You got a bad or dirty hydraulic valve. Its allowing fluid to bypass the valve that sends the boom up.
Your not hurting anything.


----------



## jw0445 (Oct 9, 2009)

What John said. If you're losing fluid in the tank you may need a cylinder rebuilt or have a leaking hose.


----------



## wcord (Jan 23, 2011)

Valve or inner seals on the cylinder.
Hopefully your valve as that's cheaper than a cylinder rebuild.
Since it's only the one cylinder, I think you can rule out dirty oil.
PITA, but don't leave it too long as it will only get worse.


----------



## AK_sparky (Aug 13, 2013)

Can't be a cylinder seal unless one side of it is directly plumbed to the tank, which is unlikely; usually both sides of the cylinder go through the valve.

My bet is a valve issue. I'd guess silting or worn out valve. If it is solenoid valves, I'd make sure the "down" solenoid isn't getting some leaking electrons from somewhere.


----------



## wcord (Jan 23, 2011)

AK_sparky said:


> Can't be a cylinder seal unless one side of it is directly plumbed to the tank, which is unlikely; usually both sides of the cylinder go through the valve.
> 
> My bet is a valve issue. I'd guess silting or worn out valve. If it is solenoid valves, I'd make sure the "down" solenoid isn't getting some leaking electrons from somewhere.


You're probably right about it being the valve body.
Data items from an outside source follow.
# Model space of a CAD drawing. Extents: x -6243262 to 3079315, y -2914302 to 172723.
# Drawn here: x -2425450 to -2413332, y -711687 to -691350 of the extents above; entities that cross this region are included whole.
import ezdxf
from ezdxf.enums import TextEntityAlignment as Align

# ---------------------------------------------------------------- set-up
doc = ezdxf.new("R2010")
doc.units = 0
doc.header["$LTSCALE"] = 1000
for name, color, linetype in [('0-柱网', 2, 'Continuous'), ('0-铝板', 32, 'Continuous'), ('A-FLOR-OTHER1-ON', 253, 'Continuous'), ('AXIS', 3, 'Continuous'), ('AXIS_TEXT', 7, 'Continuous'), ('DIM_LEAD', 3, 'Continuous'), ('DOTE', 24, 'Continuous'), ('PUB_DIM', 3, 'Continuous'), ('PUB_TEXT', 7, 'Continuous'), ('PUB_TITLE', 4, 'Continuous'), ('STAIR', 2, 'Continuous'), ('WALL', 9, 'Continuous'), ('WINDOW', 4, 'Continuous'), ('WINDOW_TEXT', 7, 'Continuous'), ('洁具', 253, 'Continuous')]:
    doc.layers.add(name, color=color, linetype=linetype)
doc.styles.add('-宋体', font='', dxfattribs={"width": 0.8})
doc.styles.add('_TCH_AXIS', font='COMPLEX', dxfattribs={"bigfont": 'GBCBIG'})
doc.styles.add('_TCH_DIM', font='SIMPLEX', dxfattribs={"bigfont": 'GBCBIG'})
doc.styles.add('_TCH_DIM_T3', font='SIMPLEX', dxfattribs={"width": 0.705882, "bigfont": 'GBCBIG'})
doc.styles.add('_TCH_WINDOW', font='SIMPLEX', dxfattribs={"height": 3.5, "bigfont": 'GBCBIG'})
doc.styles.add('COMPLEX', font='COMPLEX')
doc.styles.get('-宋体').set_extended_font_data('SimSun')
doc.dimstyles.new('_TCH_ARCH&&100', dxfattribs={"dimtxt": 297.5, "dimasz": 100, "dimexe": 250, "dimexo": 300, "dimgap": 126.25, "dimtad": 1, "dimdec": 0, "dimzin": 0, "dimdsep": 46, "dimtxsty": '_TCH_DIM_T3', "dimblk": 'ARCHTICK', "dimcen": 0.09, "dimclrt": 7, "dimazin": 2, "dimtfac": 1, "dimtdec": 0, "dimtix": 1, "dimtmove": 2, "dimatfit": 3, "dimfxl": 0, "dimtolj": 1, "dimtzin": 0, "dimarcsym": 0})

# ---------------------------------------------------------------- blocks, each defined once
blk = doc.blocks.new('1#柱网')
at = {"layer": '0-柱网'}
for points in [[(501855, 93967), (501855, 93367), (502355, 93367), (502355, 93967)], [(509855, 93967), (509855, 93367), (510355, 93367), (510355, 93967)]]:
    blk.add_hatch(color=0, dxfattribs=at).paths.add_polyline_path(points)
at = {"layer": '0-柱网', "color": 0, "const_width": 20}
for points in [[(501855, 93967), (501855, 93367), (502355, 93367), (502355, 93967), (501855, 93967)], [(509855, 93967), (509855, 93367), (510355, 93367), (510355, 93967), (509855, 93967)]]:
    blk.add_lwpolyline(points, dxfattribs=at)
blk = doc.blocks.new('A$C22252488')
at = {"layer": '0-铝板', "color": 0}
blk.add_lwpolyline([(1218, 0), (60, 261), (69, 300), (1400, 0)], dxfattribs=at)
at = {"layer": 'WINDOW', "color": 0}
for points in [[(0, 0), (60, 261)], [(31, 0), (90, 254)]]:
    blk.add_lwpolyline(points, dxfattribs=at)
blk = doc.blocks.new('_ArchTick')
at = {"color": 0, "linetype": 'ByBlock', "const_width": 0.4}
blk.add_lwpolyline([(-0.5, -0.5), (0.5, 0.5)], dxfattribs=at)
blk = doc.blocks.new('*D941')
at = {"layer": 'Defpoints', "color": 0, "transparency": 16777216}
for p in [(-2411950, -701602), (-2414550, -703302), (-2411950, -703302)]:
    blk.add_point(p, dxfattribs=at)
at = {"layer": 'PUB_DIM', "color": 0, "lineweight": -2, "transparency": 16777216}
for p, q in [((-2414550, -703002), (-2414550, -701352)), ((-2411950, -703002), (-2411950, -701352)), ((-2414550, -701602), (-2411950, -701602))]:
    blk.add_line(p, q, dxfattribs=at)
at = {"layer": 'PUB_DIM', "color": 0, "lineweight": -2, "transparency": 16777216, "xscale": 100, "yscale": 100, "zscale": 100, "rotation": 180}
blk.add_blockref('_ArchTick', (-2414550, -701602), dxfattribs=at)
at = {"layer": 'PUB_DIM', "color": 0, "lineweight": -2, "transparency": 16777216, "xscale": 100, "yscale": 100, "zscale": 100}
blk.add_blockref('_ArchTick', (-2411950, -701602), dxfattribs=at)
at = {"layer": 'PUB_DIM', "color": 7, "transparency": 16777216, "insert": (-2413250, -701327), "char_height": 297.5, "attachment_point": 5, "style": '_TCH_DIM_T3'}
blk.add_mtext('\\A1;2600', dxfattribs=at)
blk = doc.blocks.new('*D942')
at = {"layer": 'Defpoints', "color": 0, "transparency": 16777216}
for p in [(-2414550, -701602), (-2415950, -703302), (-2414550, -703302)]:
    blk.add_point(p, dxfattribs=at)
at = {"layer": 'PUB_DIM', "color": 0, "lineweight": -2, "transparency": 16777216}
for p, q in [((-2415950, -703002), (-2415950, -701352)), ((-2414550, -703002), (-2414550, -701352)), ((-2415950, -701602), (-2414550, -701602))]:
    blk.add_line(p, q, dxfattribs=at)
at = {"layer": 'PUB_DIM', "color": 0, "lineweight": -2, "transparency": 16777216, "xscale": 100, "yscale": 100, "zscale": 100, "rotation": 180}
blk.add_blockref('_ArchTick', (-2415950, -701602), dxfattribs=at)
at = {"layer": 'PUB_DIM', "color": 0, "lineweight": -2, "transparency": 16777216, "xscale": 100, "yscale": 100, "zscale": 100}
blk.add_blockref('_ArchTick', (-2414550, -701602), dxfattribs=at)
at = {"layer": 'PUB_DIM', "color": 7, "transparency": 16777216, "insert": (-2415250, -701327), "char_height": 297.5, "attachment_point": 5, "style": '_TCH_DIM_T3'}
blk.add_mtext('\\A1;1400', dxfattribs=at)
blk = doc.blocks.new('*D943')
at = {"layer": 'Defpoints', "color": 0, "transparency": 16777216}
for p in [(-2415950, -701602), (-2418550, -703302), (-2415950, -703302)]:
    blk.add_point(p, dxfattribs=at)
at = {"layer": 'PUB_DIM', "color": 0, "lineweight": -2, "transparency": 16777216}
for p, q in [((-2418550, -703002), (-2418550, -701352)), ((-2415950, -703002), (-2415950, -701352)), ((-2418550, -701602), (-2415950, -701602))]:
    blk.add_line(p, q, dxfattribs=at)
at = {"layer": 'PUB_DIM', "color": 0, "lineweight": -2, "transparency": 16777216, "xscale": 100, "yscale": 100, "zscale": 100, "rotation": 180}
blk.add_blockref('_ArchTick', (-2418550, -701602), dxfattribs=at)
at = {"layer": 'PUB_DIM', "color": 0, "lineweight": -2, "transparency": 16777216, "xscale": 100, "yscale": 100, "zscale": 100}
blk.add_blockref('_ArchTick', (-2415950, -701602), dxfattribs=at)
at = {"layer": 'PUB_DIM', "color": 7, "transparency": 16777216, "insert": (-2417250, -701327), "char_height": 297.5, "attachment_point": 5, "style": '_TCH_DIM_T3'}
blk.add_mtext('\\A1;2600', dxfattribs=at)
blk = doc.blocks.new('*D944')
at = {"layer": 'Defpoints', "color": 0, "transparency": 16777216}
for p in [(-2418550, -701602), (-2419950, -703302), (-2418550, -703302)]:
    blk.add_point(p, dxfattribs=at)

Forgot that a bucket truck cylinder only has up pressure. I was thinking of cylinders which can pressurize going in and out.


----------



## borisdave (May 23, 2016)

Our boom truck faced same issue. The mechanic:hammer: found some issues with hydraulic pump. He found that sealing is broken and fluid leaks around the ring and pressure pipes. He advised our operator to immediately stop operation of truck under this kind of circumstances. Operating vehicle under such conditions may be dangerous to the people who are working under the truck. So kindly avoid such scenario.It seems that issue is fixed after replacing the faulty sealing and some couplers. 
 I advise you to immediately fix such major issues as fast us possible otherwise it may lead to severe failure or it may risk the life of workers.​


----------



## MikeFL (Apr 16, 2016)

I agree with borisdave in that it's an injury hazard if you operate that truck in a situation where if it begins to lower without notice, injury could happen to anyone around it. You also would not want to operate it above anything you would not want it to crash into.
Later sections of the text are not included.